The large cast is outstanding in every way.  As Peter Pan, Joseph Frederick Allen gives an electric performance – kinetic in the air and on the ground, cheeky, impish, sweet, touching, and he acquits himself impressively in all the vocals ranging from the boisterous “I Won’t Grow up” to the lyrical “Neverland.”  As his nemesis, Captain Hook, Curt Dale Clark is perfection: an imposing figure capable of inspiring both awe and amusement, deliciously dangerous and at the same time helplessly silly, sassy and sentimental, a poetic dandy of a villain who is surprisingly endearing and who commands the stage every moment he is present on it.  Moreover, Clark masters the vocal aspect of the role beautifully from his big, flamboyantly sung solos to his note perfect exaggerated British diction and gravely pirate-speak. This is a Captain Hook who steps from the story’s pages with larger-than-life authenticity. That Clark also doubles so appealingly as Mr. Darling creating a completely different image of a prickly and proper British gentleman is testimony to his versatility as an actor.

Carolyn Anne Miller makes a beautiful, youthful, prim, and tender Wendy Darling who uses her lovely soprano to memorable effect. Katie SIna Kindig is an elegant, warm Mrs. Darling, whose lullaby “Tender Shepherd” is one of the show’s highlights, and she, too, gets to turn 180 degrees and play a campy, unibrowed female pirate.  George Boben Fenimore as John Darling and Noah Woods as Michael Darling are charmingly convincing as Wendy’s younger brothers. Matty Rickard gives a loveable performance as Nana, the children’s canine nurse.  Expressive in his furry costume, Rickard captures both the mannerisms of large dogs like Barrie’s Newfoundland who inspired the character at the same time that he endows Nana with a winning anthropomorphism.  All the more humorous to find him as a rough-hewn pirate and an athletic dancer in Tiger Lily’s Pounce. Janayé McAlpine is stunning as Tiger Lily- a lithe, sinuous, sexy dancer with just the right aura of attitude and dignity.

Photo-5-PeterPan-4-finale-c

Among the pirates, Andrew Kindig is a colorful Smee, playing to Clark’s Captain Hook with impeccable comic timing and a spontaneous chemistry that makes every scene alive. Jeff Coon has great fun bumbling his way through the role of his cohort, Starkey, often wittily improving a line or a piece of business. Other enjoyable cameos come from Anthony Zambito as an hysterical pirate asked to confront the murderous “Doodle Do,” Joey Abramowitz, Buddy Reeder, Anthony J. Gasbarre III, David Webb as part of Hook’s gang, and Dan Bob Higgins as a menacing crocodile. The entire adult ensemble is comprised of accomplished dancers, with Jonathan Bryant, Justin DeParis, Jason Garcia Ignacio, Alicia Babin, Kyra Christopher, and Samantha Hewes Cramer standing out especially in the Pounce scenes. The sixteen-person children’s ensemble was delightful to experience in its diversity and sparkle.  This is a show about youth and these young folks certainly captured the spirit Barrie intended.

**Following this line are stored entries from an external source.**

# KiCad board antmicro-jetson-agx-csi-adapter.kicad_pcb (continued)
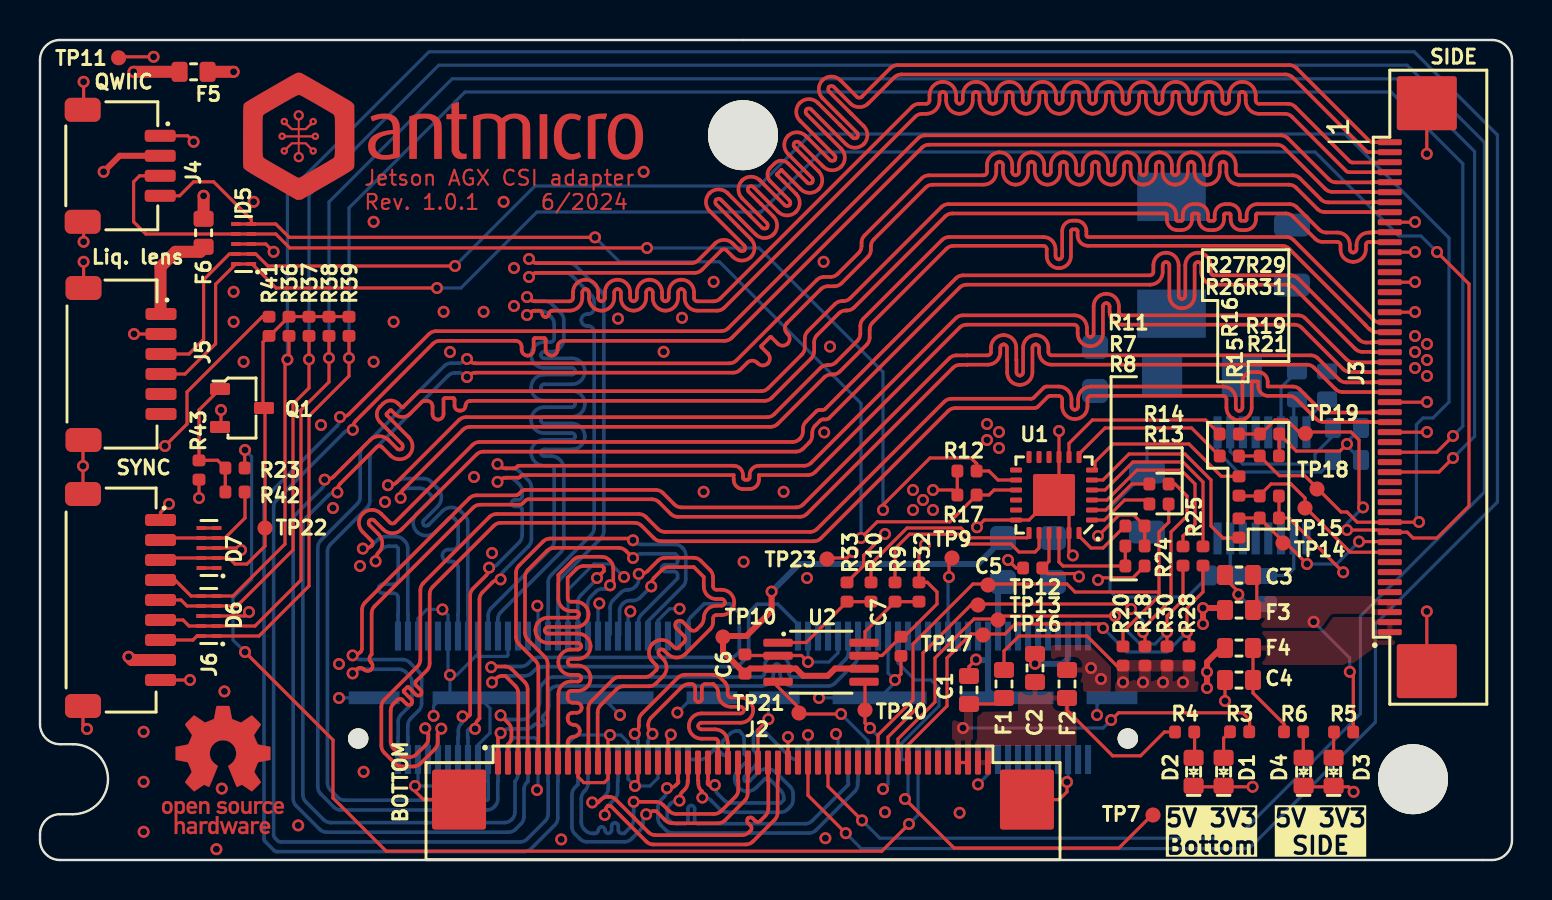
[diagram p0: board, top side]
## Routing (per net, layer and track width the routed paths; a pad name or vN(x,y) marks a point on that pad's centre or on a via; arc(x,y) is an arc through that point) (continued)
  Bottom w0.182: J1.32 25.4,12.28 25.41,12.29 25.41,13.89 arc(25.45,14.08) 25.55,14.24 27.56,16.25 arc(27.67,16.41) 27.71,16.61 27.71,26.4 arc(27.62,26.61) 27.41,26.7 27.36,26.7 arc(27.15,26.79) 27.06,27 arc(27.15,27.21) 27.36,27.3 27.41,27.3 arc(27.62,27.39) 27.71,27.6 27.71,27.89 arc(27.67,28.08) 27.56,28.25 26.6,29.21 arc(26.43,29.32) 26.24,29.36 24.87,29.36 arc(24.67,29.32) 24.51,29.21 v1(24.45,29.15)
/Interface/CSI4_CLK_N: length 16
  Top w0.182: 36.9,4.88 36.9,3.97 36.88,3.96 36.88,2.37 arc(36.84,2.18) 36.74,2.02 35.64,0.92 arc(35.48,0.82) 35.29,0.78 30.67,0.78 arc(30.48,0.82) 30.32,0.92 28.54,2.7 28.39,2.7 28.38,2.69 arc(28.27,2.53) 28.24,2.34 v1(28.24,2.25)
  Bottom w0.182: J1.45 28.9,3.94 28.88,3.92 28.88,3.4 arc(28.84,3.21) 28.74,3.05 28.38,2.69 arc(28.27,2.53) 28.24,2.34 v1(28.24,2.25)
/Interface/CSI4_CLK_P: length 16
  Top w0.182: v1(27.61,2.88) 27.91,2.88 28.05,3.02 arc(28.21,3.12) 28.4,3.16 28.44,3.16 arc(28.63,3.12) 28.79,3.02 30.42,1.39 arc(30.58,1.28) 30.77,1.24 35.1,1.24 arc(35.29,1.28) 35.45,1.39 35.54,1.48 arc(35.58,1.59) 35.54,1.71 35.4,1.85 arc(35.35,1.97) 35.4,2.08 arc(35.51,2.13) 35.63,2.08 35.77,1.94 arc(35.89,1.9) 36,1.94 36.27,2.21 arc(36.38,2.37) 36.42,2.56 36.42,3.96 36.4,3.97 36.4,4.88
  Bottom w0.182: v1(27.61,2.88) 27.7,2.88 arc(27.89,2.92) 28.05,3.02 28.27,3.24 arc(28.38,3.4) 28.42,3.59 28.42,3.92 28.4,3.94 J1.43
/Interface/CSI4_D0_N: length 16
  Top w0.182: v1(29.68,2.91) 30.79,2.91 arc(30.98,2.87) 31.15,2.76 31.46,2.45 arc(31.62,2.34) 31.81,2.3 33.71,2.3 arc(33.9,2.34) 34.06,2.45 34.77,3.16 arc(34.88,3.32) 34.92,3.51 34.92,3.96 34.9,3.97 34.9,4.88
  Bottom w0.182: v1(29.68,2.91) 29.68,2.42 29.68,2.42 29.68,2.15 29.68,2.14 29.68,2.01 arc(29.65,1.82) 29.54,1.66 29.21,1.33 29.08,1.33 arc(28.96,1.38) 28.91,1.5 28.91,1.7 arc(28.87,1.81) 28.75,1.86 arc(28.63,1.81) 28.58,1.7 28.58,1.5 arc(28.53,1.38) 28.42,1.33 arc(28.3,1.38) 28.25,1.5 arc(28.2,1.61) 28.08,1.66 arc(27.97,1.61) 27.92,1.5 arc(27.87,1.38) 27.75,1.33 27.63,1.33 arc(27.44,1.37) 27.27,1.48 27.21,1.54 arc(27.1,1.7) 27.06,1.89 27.06,3.08 arc(27.1,3.27) 27.21,3.43 27.25,3.47 arc(27.36,3.64) 27.4,3.83 J1.39
/Interface/CSI4_D0_P: length 16
  Top w0.182: v1(30.31,2.28) 30.32,2.3 arc(30.48,2.4) 30.67,2.44 30.81,2.44 31.27,1.98 arc(31.43,1.88) 31.62,1.84 33.9,1.84 arc(34.09,1.88) 34.25,1.98 35.24,2.97 arc(35.34,3.13) 35.38,3.32 35.38,3.96 35.4,3.97 35.4,4.88
  Bottom w0.182: v1(30.31,2.28) 30.3,2.27 arc(30.19,2.11) 30.15,1.92 30.15,1.84 arc(30.11,1.65) 30,1.48 29.58,1.06 arc(29.41,0.95) 29.22,0.91 27.35,0.91 arc(27.16,0.95) 26.99,1.06 26.74,1.31 arc(26.64,1.47) 26.6,1.66 26.6,3.27 arc(26.64,3.46) 26.74,3.62 26.9,3.78 26.9,3.94 26.9,3.94 J1.37
/Interface/CSI4_D1_N: length 16.1
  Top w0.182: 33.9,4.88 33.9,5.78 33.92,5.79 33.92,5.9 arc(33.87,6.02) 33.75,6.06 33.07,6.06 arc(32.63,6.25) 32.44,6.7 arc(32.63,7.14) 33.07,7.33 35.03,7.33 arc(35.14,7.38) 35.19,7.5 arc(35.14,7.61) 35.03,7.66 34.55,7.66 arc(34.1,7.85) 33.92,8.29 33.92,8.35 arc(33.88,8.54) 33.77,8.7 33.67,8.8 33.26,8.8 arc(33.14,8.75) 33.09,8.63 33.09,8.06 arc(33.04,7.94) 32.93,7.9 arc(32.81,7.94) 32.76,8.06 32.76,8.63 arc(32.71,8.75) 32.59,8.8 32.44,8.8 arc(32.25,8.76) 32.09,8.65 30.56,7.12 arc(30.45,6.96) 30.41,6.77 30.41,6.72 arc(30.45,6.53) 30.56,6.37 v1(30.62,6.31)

Photo6-PeterPan4-lagoon-cr

    You'll have a treasure if you stay there,
    More precious far than gold.
    For once you have found your way there,
    You can never, never grow old.

Never growing old – literal to a degree in the mythical character of Peter Pan – is really a metaphor for preserving the youthful innocence of childhood, of nurturing the ability to dream.  This same idea animates the Robin and Clark musical ‘Twas the Night Before Christmas, which played concurrently to young audiences throughout the Fulton’s holiday season. In this hour-long celebration loosely based on the traditional Christmas rhyme, a young girl Charlotte, sensitively played by Carolyn Anne Miller, overcomes her skepticism about the existence of Santa and all the other iconic Christmas characters and undertakes a mission with the lonely, timid Rudolph the Red Nosed Reindeer to save the true meaning of the season.

Photo7-Twas-Carolyn-cr

Photo-8-Nicole-cr

Directed by Randall Frizado, who poignantly plays Charlotte’s father Charles, with expressive and varied choreography by Samather Hewes Cramer, the play features an eight-person ensemble who romp exuberantly through multiple roles. Nicole Hackmann as an operatic Snow Queen and Samaria, Andrew Kindig as a lively, wise-cracking Mouse King, Anthony Zambito as a shy Rudolph, and David Webb as a folksy Dale and Santa, Samantha Hewes Cramer as a street-wise Gremlin, Jonathan Bryant as Frosty, and Justin De Paris as the Nutcracker all perform with brio.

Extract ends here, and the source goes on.